The lawsuit in this matter was filed in the U.S. District Court for the District of Connecticut. It was alleged that a woman was killed when a faulty airbag device violently exploded during a moderate speed crash. The deceased victim was a passenger in a 2009 Toyota Corolla. Her husband, who was driving car, sustained minor injuries. This lawsuit was filed just after Takata filed for bankruptcy. The Connecticut lawsuit alleges Takata knew its airbags were defective. It did nothing to solve the problem. The injured husband has a long litigation process ahead of him. He may have problems paying litigation costs. “In situations like that, the perfect answer in most cases is to apply for litigation funding,” said Darren Monroe, representative for Litigation Funding Corporation, Michigan.
The Minnesota Attorney General has filed a lawsuit against two pension advance companies. It is alleged that the companies violated Minnesota lending laws by making loans to Minnesota borrowers without being licensed as a lender. The New York Attorney General states that a litigation settlement advance product is usurious. It indicates that pension advance companies and litigation funding companies have become targets of state and local regulators. Certain states are trying label cash advance providers as lenders and their products as loans, as opposed to direct purchases, which would subject them to state and local usury laws.

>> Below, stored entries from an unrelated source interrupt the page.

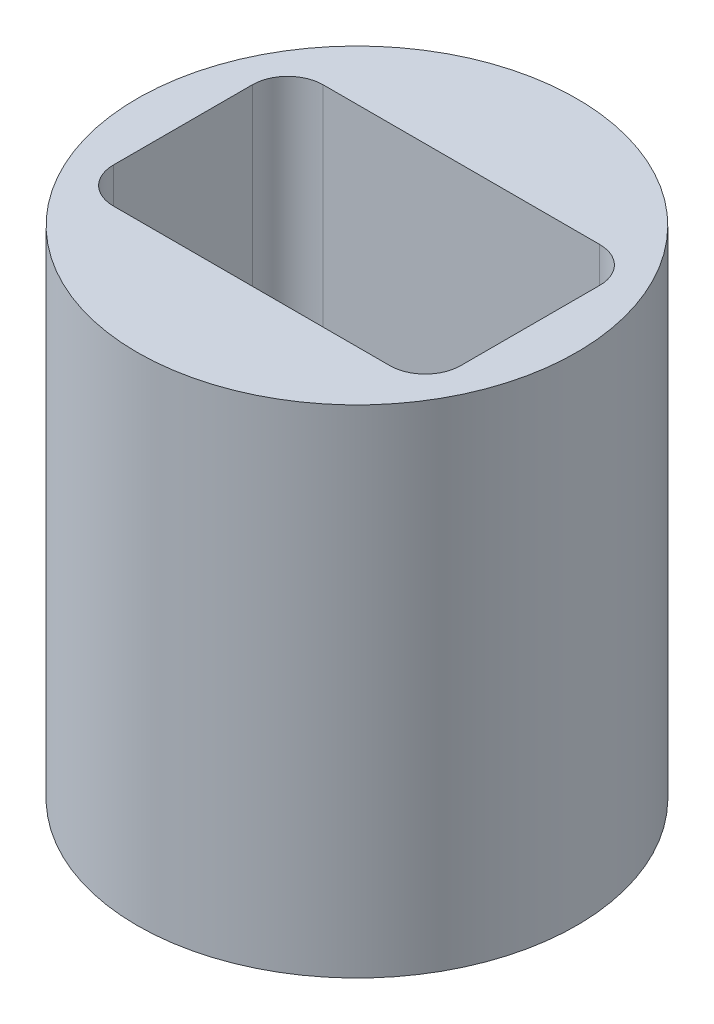
SolidWorks part; units mm, degrees
ref_plane "Plano frontal" through (0, 0, 0) normal (0, 0, 1) x (1, 0, 0)
ref_plane "Plano superior" through (0, 0, 0) normal (0, 1, 0) x (1, 0, 0)
ref_plane "Plano direito" through (0, 0, 0) normal (1, 0, 0) x (0, 0, -1)
sketch "Esboço1" plane through (0, 0, 0) normal (0, 1, 0) x (1, 0, 0)
  circle A0 centre (0, 0) radius 3.1
  dimension "D1" = 6.2
extrude "Ressalto-extrusão1" add sketch "Esboço1" along normal blind 7
sketch "Esboço2" plane through (0, 7, 0) normal (0, 1, 0) x (1, 0, 0)
  line L0 (0, 3.2355) -> (0, -3.3985) construction
  line L1 (-3.3985, 0) -> (3.386, 0) construction
  line L3 (-1.9563, -1.48) -> (1.9437, -1.48)
  line L4 (-2.4563, -0.98) -> (-2.4563, 0.98)
  line L5 (-1.9563, 1.48) -> (1.9437, 1.48)
  line L6 (2.4437, -0.98) -> (2.4437, 0.98)
  line L7 (-2.4563, -1.48) -> (2.4437, 1.48) construction
  line L8 (-2.4563, 1.48) -> (2.4437, -1.48) construction
  arc A0 (-2.4563, 0.98) -> (-1.9563, 1.48) centre (-1.9563, 0.98) cw
  arc A1 (2.4437, 0.98) -> (1.9437, 1.48) centre (1.9437, 0.98) ccw
  arc A2 (2.4437, -0.98) -> (1.9437, -1.48) centre (1.9437, -0.98) cw
  arc A3 (-2.4563, -0.98) -> (-1.9563, -1.48) centre (-1.9563, -0.98) ccw
  point P5 (-0.0063, 0)
  dimension "D3" = 0.5
  dimension "D1" = 4.9
  dimension "D2" = 2.96
extrude "Corte-extrusão1" cut sketch "Esboço2" against normal through all
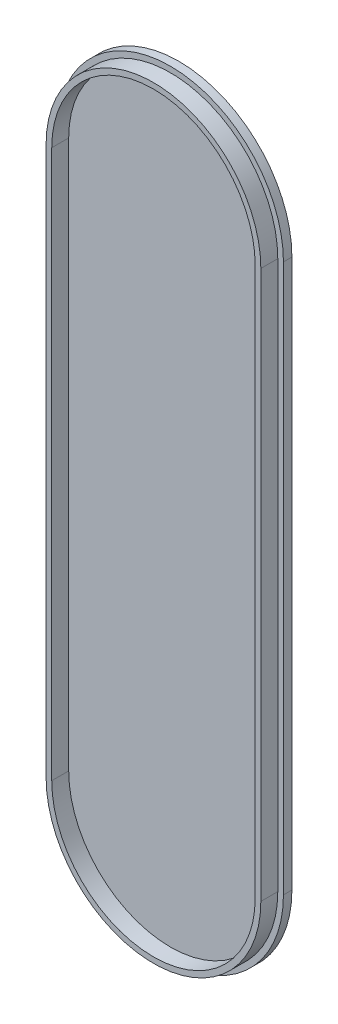
SolidWorks part; units mm, degrees
material "PLA"
ref_plane "Front Plane" through (0, 0, 0) normal (0, 0, 1) x (1, 0, 0)
ref_plane "Top Plane" through (0, 0, 0) normal (0, 1, 0) x (1, 0, 0)
ref_plane "Right Plane" through (0, 0, 0) normal (1, 0, 0) x (0, 0, -1)
sketch "Sketch3" plane through (0, 0, 0) normal (0, 0, 1) x (1, 0, 0)
  line L0 (-20, 0) -> (-20, -97)
  line L1 (20, 0) -> (20, -97)
  arc A0 (20, 0) -> (-20, 0) centre (0, 0) ccw
  arc A1 (-20, -97) -> (20, -97) centre (0, -97) ccw
  dimension "D1" = 40
  dimension "D3" = 20
  dimension "D2" = 97
extrude "Boss-Extrude1" add sketch "Sketch3" along normal blind 1.5
sketch "Sketch5" plane through (0, 0, 1.5) normal (0, 0, 1) x (1, 0, 0)
  line L5 (-18, 0) -> (-18, -97)
  line L6 (18, -97) -> (18, 0)
  line L7 (-19, 0) -> (-19, -97)
  line L8 (19, -97) -> (19, 0)
  line L9 (-19, 0) -> (-19, -97)
  line L10 (19, -97) -> (19, 0)
  arc A5 (18, 0) -> (-18, 0) centre (0, 0) ccw
  arc A6 (-18, -97) -> (18, -97) centre (0, -97) ccw
  arc A7 (-19, -97) -> (19, -97) centre (0, -97) ccw
  arc A8 (19, 0) -> (-19, 0) centre (0, 0) ccw
  arc A9 (-19, -97) -> (19, -97) centre (0, -97) ccw
  arc A10 (19, 0) -> (-19, 0) centre (0, 0) ccw
  dimension "D1" = 1
  dimension "D2" = 1
extrude "Boss-Extrude2" add sketch "Sketch5" along normal blind 3
sketch "Sketch6" plane through (0, 0, 0) normal (0, 0, -1) x (-1, 0, 0)
  circle A0 centre (0, -97) radius 18
  dimension "D1" = 36
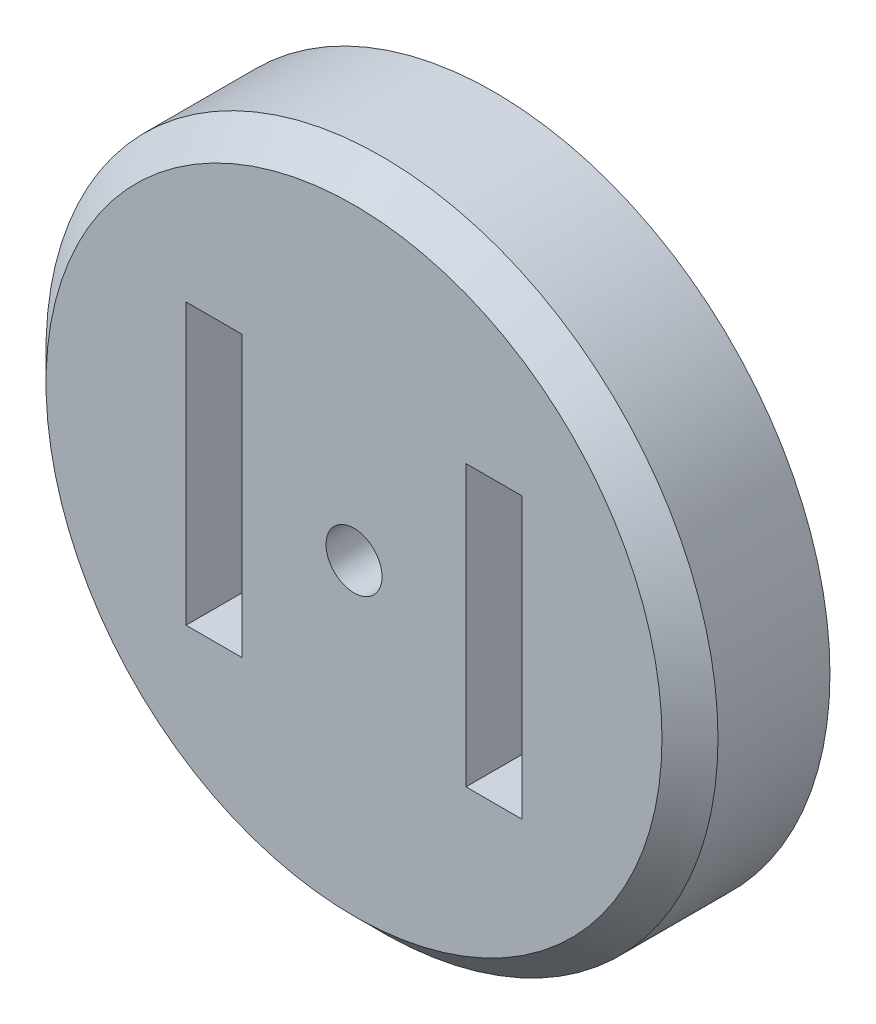
SolidWorks part; units mm, degrees
ref_plane "Plan de face" through (0, 0, 0) normal (0, 0, 1) x (1, 0, 0)
ref_plane "Plan de dessus" through (0, 0, 0) normal (0, 1, 0) x (1, 0, 0)
ref_plane "Plan de droite" through (0, 0, 0) normal (1, 0, 0) x (0, 0, -1)
sketch "Esquisse1" plane through (0, 0, 0) normal (0, 0, 1) x (1, 0, 0)
  circle A0 centre (0, 0) radius 60
  dimension "D1" = 120
extrude "Boss.-Extru.1" add sketch "Esquisse1" along normal blind 25
sketch "Esquisse2" plane through (0, 0, 25) normal (0, 0, 1) x (1, 0, 0)
  line L0 (-20, 0) -> (0, 0) construction
  line L1 (-30, 25) -> (-20, 25)
  line L2 (-30, 25) -> (-30, -25)
  line L3 (-30, -25) -> (-20, -25)
  line L4 (-20, 25) -> (-20, -25)
  line L5 (0, 0) -> (0, 31.5319) construction
  line L6 (20, 25) -> (20, -25)
  line L7 (30, -25) -> (20, -25)
  line L8 (30, 25) -> (30, -25)
  line L9 (30, 25) -> (20, 25)
  dimension "D1" = 10
  dimension "D2" = 40
  dimension "D3" = 50
extrude "Enlèv. mat.-Extru.1" cut sketch "Esquisse2" against normal through all both and the other way through all
chamfer "Chanfrein1" distance 5 angle 45 1 edges at (60, 0, 25)
sketch "Esquisse3" plane through (0, 0, 25) normal (0, 0, 1) x (1, 0, 0)
  circle A0 centre (0, 0) radius 5
  dimension "D1" = 10
extrude "Enlèv. mat.-Extru.2" cut sketch "Esquisse3" against normal through all both and the other way through all
sketch "Esquisse4" plane through (0, 0, 0) normal (0, 0, -1) x (-1, 0, 0)
  circle A0 centre (0, 0) radius 18
  dimension "D1" = 36
extrude "Enlèv. mat.-Extru.3" cut sketch "Esquisse4" against normal blind 4
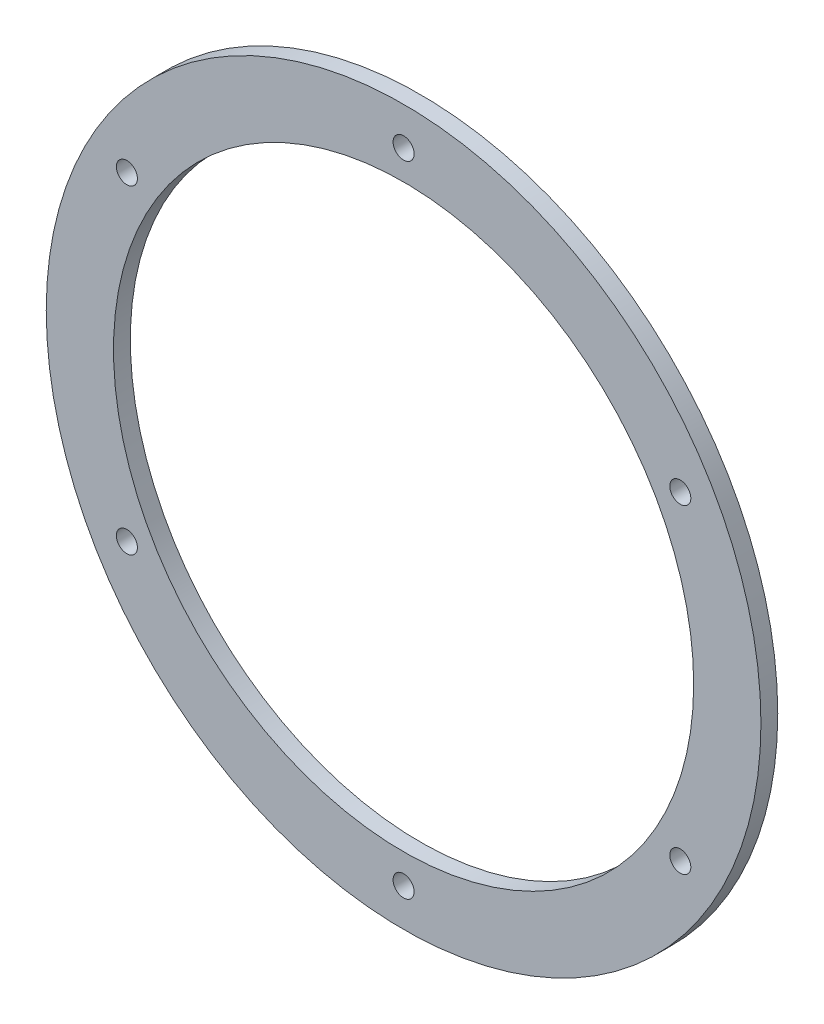
SolidWorks part; units mm, degrees
ref_plane "Front" through (0, 0, 0) normal (0, 0, 1) x (1, 0, 0)
ref_plane "Top" through (0, 0, 0) normal (0, 1, 0) x (1, 0, 0)
ref_plane "Right" through (0, 0, 0) normal (1, 0, 0) x (0, 0, -1)
sketch "Эскиз1" plane through (0, 0, 0) normal (0, 0, 1) x (1, 0, 0)
  circle A0 centre (0, 0) radius 42.5
  circle A1 centre (0, 0) radius 34.5
  dimension "D1" = 85
  dimension "D2" = 69
extrude "Уплотнительное кольцо" add sketch "Эскиз1" along normal blind 2
sketch "Эскиз3" plane through (0, 0, 2) normal (0, 0, 1) x (1, 0, 0)
  circle A2 centre (0, 38) radius 1.25
  dimension "D1" = 2.5
  dimension "D2" = 38
extrude "Под шуруп" cut sketch "Эскиз3" against normal through all
pattern_circular "Под шурупы по окружности" count 6 over 360 about axis through (0, 0, 0) along (0, 0, 1) of "Под шуруп"

A $20 million financing deal has been signed with litigation boutique Lewis Baach by Woodsford Litigation Funding. It will offer clients an expedited, one-stop arrangement for the financing of high value litigation. The deal covers matters in any jurisdiction around the world where Lewis Baach Kaufmann Middlemiss offer contingency fee arrangements. Also, it will work where funding is required for the additional litigation expenses, including expert witness fees, e-discovery costs and court and tribunal fees. Brazilian funder, Leste Litigation Finance, also supports the international arrangement between the two. As part of a collaboration agreement announced in March, for any matters with a Brazilian element, Leste and Woodsford will regulate funding jointly.
Third-Party Litigation Funding can help attorneys and clients get results.
Litigation process is often expensive. Some clients cannot afford litigation costs due to various reasons. In this case, litigation funding can pay substantial costs of pursuing a lawsuit from complaint to judgment.
Litigation financing can have similar benefits for attorneys. It provides them greater flexibility. It concerns the cases they take and the way they provide representation.
Meanwhile, it is important for lawyers to understand how to manage a litigation financing transaction. The general advice for a lawyer is not to become part of the loan process when suggesting to a client where he may try to get financial help for individual needs. The lawyer also needs to be careful about providing a litigation finance company with information or opinions about the prospects of the client’s case.